DATASET RECORDS:
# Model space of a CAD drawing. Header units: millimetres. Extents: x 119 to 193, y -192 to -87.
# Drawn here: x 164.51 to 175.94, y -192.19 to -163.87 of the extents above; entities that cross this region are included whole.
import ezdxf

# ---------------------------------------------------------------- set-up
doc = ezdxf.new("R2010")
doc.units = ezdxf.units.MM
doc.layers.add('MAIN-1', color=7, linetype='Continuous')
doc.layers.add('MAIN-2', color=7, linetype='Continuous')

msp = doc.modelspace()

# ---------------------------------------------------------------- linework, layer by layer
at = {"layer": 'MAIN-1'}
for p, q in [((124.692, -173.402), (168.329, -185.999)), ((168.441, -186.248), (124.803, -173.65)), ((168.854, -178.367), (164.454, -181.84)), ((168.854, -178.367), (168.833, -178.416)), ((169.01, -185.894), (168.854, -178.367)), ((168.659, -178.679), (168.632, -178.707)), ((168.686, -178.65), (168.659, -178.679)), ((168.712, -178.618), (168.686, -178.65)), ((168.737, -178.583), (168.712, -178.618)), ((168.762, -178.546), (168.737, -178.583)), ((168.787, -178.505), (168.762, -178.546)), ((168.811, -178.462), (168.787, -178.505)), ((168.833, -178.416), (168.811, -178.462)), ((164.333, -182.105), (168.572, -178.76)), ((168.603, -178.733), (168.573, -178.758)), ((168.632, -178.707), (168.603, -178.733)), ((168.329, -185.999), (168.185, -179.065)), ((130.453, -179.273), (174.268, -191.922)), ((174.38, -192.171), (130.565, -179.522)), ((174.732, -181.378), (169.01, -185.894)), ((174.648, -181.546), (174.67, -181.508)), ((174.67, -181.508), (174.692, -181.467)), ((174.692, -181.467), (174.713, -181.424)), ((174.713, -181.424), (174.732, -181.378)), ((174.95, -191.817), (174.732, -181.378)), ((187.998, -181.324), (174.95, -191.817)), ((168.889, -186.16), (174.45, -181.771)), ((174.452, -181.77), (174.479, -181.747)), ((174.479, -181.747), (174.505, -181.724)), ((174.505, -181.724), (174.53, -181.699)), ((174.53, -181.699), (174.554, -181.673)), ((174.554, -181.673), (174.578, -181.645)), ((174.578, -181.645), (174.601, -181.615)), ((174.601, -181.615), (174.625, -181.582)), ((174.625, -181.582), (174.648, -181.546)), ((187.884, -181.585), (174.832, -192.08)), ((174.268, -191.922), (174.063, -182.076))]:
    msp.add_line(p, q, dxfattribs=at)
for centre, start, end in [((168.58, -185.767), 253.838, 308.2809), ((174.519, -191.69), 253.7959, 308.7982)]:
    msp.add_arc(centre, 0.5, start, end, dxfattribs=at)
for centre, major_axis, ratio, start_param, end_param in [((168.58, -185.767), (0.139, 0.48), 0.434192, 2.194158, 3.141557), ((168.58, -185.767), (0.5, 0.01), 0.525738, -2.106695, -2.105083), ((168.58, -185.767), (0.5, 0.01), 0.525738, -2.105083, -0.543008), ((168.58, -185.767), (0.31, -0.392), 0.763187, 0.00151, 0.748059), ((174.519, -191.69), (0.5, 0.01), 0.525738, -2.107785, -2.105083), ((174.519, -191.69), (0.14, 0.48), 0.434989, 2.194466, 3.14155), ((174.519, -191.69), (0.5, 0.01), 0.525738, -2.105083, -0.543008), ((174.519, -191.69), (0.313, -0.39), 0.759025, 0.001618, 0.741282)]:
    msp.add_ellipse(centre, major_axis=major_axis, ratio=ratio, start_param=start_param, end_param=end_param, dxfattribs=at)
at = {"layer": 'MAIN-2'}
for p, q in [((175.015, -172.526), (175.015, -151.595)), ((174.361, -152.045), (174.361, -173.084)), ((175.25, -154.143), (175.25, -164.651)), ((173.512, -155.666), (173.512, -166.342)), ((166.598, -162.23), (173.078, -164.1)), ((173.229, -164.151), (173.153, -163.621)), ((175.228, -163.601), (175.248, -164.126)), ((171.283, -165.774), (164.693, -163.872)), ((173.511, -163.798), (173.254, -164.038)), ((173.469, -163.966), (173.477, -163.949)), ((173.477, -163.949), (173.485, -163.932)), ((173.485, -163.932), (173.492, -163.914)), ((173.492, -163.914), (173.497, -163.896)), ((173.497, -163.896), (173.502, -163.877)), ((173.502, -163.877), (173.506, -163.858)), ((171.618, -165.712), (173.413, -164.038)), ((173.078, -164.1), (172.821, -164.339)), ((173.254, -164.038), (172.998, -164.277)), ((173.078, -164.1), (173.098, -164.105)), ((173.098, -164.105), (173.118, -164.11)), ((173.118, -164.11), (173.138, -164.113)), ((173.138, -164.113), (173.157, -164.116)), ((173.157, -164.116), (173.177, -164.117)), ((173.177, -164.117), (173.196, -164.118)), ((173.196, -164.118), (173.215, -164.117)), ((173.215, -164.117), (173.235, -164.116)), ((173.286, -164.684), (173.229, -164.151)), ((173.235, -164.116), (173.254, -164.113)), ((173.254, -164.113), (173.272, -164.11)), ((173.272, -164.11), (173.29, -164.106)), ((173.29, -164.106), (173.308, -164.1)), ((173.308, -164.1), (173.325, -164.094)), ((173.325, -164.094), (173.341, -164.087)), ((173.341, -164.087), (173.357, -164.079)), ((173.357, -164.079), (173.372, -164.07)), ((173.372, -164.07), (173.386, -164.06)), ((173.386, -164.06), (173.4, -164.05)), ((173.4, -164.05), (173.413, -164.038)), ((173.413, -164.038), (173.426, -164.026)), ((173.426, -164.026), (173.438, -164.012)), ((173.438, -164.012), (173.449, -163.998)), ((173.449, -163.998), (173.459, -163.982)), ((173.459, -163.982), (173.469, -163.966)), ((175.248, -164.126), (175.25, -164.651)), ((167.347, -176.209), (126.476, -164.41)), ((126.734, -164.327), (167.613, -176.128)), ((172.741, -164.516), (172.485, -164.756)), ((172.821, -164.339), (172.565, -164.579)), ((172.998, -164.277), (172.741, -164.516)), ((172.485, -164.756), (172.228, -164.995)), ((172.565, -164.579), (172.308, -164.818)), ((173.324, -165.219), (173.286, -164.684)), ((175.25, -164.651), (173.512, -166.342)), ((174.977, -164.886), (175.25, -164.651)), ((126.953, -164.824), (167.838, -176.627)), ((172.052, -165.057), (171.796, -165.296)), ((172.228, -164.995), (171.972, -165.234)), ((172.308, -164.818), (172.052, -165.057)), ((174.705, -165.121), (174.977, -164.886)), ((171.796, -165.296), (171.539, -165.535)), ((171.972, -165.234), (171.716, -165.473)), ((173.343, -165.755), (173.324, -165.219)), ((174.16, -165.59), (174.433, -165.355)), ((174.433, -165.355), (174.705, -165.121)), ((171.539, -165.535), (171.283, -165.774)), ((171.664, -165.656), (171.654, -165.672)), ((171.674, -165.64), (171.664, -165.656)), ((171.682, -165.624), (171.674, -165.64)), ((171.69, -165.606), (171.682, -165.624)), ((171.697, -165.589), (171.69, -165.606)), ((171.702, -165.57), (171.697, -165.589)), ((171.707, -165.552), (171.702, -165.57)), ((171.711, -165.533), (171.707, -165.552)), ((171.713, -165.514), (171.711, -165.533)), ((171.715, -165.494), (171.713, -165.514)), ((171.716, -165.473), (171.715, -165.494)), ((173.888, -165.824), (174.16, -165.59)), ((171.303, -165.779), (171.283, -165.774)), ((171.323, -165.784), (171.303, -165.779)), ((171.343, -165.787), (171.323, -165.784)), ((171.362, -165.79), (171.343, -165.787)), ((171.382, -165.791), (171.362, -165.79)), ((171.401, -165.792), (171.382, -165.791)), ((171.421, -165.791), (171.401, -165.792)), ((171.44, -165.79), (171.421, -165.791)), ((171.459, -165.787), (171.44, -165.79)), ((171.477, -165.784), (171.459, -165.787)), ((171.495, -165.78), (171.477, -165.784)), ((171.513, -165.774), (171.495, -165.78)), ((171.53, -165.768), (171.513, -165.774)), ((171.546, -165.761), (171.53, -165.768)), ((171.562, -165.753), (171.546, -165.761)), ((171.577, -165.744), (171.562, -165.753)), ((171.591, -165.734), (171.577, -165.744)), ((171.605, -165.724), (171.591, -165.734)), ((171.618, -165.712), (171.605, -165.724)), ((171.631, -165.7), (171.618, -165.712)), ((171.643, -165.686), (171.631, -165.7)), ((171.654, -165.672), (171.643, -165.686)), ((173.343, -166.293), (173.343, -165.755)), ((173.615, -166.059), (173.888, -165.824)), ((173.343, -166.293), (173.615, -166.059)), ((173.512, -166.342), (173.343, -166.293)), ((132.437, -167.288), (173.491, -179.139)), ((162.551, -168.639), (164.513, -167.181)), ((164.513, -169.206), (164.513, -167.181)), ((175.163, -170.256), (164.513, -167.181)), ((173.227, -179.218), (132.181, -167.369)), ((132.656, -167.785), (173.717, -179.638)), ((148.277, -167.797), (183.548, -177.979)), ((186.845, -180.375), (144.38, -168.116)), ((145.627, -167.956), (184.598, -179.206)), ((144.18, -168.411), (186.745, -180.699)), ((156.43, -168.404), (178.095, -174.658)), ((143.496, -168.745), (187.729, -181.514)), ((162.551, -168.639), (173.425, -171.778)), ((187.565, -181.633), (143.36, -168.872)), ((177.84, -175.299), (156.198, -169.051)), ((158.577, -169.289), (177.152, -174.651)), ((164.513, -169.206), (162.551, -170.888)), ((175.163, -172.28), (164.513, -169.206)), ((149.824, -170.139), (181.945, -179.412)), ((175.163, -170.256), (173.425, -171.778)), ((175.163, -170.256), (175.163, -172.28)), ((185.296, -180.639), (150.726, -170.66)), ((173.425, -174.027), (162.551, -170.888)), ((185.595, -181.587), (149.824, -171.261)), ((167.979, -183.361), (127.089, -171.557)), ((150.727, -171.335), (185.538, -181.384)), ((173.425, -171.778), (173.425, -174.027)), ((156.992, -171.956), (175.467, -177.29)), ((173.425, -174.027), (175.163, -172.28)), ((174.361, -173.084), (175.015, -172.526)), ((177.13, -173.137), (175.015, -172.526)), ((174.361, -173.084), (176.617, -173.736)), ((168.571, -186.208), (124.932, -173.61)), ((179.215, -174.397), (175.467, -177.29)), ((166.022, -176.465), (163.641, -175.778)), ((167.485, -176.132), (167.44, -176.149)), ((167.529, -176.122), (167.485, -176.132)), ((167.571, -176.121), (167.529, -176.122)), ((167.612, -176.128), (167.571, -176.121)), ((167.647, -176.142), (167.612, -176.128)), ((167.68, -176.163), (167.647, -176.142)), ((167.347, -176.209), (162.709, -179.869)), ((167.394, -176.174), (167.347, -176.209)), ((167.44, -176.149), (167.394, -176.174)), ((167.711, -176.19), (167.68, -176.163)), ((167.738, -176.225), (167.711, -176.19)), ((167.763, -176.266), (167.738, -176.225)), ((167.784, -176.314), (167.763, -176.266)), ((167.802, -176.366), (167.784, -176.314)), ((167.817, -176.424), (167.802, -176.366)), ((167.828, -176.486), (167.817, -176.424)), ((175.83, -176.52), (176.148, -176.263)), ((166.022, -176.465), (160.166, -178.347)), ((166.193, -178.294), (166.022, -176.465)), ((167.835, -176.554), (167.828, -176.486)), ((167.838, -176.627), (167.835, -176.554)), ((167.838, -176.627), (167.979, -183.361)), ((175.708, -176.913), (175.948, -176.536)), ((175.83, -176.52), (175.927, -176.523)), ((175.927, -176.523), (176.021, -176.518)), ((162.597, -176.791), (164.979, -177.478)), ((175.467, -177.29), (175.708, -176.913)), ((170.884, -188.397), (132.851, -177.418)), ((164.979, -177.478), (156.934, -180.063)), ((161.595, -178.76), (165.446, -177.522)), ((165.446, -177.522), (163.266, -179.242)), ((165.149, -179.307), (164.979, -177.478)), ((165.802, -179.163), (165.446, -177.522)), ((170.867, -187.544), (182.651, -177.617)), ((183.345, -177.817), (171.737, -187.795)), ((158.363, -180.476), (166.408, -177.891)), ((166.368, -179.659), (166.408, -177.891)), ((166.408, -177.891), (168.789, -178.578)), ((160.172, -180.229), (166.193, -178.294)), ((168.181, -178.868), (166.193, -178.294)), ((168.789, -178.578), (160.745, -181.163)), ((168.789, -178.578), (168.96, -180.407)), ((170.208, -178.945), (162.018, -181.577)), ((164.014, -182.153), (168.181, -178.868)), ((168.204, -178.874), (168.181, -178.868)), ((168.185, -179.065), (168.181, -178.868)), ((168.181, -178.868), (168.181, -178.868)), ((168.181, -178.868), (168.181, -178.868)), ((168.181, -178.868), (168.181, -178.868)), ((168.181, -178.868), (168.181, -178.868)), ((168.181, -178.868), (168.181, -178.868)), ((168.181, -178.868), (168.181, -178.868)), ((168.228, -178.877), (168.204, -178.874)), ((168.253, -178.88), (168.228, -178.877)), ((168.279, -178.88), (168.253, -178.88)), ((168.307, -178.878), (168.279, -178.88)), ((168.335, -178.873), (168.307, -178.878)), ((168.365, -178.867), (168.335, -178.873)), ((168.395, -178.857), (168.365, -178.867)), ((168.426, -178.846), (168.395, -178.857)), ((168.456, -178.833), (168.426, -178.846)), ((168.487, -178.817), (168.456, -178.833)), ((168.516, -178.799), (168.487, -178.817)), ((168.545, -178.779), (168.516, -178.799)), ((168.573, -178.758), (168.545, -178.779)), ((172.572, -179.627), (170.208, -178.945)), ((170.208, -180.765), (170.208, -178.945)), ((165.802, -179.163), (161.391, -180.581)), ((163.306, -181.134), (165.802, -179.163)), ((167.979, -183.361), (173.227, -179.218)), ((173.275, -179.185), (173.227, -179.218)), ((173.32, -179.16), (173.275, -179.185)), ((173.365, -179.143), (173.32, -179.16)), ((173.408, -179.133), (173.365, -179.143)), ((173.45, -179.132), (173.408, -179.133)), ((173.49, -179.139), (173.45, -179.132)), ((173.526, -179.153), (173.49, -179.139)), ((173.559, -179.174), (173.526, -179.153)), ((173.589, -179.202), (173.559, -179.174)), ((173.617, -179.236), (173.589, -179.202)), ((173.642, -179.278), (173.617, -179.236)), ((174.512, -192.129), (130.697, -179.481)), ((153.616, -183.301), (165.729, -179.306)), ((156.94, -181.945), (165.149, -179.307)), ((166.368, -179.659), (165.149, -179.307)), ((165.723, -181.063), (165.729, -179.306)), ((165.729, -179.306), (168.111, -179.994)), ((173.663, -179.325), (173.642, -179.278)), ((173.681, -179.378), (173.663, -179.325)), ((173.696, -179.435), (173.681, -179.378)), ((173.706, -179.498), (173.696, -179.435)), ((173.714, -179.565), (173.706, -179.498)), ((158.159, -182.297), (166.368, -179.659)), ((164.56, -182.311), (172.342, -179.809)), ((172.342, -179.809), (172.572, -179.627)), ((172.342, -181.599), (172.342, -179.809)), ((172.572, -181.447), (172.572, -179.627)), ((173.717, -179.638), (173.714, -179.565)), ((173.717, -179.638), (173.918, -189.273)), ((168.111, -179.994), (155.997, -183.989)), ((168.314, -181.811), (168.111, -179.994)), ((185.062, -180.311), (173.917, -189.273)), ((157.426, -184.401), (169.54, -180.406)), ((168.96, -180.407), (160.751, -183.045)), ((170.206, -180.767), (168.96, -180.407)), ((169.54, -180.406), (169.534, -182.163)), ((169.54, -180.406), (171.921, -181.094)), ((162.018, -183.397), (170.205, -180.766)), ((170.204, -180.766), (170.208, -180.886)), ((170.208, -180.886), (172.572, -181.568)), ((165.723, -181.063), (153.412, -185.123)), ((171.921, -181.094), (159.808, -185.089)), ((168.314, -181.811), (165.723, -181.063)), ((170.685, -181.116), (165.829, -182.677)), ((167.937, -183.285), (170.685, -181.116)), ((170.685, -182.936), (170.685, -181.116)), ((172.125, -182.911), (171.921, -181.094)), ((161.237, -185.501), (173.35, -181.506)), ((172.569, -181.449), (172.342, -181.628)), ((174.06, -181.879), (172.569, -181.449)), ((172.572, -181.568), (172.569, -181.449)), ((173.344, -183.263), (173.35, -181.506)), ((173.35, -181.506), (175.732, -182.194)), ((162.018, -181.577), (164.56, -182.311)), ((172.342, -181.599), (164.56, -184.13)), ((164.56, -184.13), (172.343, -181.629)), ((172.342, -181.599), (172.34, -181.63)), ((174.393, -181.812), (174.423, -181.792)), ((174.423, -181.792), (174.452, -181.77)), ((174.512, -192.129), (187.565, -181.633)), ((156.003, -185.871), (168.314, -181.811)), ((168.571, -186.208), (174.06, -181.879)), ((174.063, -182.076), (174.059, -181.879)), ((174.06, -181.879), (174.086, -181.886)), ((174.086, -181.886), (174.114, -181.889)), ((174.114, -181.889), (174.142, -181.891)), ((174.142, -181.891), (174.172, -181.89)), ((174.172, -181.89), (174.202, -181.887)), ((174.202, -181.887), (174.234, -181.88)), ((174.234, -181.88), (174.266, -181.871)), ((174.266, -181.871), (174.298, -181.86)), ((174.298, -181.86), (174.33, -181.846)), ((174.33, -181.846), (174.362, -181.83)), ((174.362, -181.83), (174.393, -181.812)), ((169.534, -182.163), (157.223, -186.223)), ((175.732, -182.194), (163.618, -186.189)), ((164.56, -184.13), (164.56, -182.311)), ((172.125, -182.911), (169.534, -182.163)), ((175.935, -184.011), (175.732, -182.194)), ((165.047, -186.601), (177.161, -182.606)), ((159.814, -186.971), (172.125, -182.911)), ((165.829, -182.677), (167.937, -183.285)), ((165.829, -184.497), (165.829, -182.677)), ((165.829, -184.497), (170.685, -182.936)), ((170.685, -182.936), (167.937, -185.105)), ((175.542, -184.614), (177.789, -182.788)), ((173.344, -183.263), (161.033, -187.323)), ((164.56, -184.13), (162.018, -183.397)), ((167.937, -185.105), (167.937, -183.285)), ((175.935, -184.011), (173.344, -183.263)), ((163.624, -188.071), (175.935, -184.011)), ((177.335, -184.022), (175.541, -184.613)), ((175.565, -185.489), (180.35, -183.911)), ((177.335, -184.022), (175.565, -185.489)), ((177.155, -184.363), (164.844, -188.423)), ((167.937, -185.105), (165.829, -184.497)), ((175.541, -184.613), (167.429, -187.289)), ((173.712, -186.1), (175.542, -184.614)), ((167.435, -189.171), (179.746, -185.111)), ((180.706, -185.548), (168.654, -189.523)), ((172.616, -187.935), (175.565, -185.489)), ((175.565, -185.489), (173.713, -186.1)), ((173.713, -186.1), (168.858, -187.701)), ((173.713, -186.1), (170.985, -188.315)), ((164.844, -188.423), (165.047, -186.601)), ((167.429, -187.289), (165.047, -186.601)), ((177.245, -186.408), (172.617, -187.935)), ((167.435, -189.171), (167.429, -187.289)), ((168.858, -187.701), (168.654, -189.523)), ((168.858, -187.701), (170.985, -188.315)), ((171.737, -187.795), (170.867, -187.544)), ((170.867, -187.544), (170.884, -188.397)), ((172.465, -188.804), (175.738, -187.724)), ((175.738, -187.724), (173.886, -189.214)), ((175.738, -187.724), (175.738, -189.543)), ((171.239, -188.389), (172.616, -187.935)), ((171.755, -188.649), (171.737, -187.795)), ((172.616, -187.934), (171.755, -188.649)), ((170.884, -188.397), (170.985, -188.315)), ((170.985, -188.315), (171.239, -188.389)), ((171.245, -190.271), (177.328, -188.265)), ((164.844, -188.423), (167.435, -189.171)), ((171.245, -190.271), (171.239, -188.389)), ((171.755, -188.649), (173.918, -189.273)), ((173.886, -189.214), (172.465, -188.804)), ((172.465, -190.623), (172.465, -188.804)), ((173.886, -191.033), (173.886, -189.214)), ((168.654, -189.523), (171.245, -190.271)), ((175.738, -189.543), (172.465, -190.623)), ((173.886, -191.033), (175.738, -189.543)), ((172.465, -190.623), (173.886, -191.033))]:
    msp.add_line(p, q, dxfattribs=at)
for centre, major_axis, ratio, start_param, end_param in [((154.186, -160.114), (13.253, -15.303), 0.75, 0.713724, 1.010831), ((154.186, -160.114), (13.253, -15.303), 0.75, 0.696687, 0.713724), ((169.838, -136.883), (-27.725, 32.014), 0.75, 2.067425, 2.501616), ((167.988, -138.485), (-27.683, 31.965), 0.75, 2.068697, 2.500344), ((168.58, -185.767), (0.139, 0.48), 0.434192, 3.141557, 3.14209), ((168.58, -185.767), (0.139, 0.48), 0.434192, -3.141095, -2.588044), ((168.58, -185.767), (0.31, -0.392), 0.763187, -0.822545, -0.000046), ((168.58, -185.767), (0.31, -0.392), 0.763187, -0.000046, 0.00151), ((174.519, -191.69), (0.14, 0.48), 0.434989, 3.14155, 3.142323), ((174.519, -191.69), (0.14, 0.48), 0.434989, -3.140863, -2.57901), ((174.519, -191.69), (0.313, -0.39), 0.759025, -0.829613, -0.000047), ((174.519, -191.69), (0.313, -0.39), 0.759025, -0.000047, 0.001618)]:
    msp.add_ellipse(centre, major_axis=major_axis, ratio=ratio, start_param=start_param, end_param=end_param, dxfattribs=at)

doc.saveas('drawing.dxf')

YOUR OBJECTIVE:
Whenever a line in the entries above includes the word "ezdxf", pull that line out.

EXERCISE RESPONSE:
import ezdxf
doc = ezdxf.new("R2010")
doc.units = ezdxf.units.MM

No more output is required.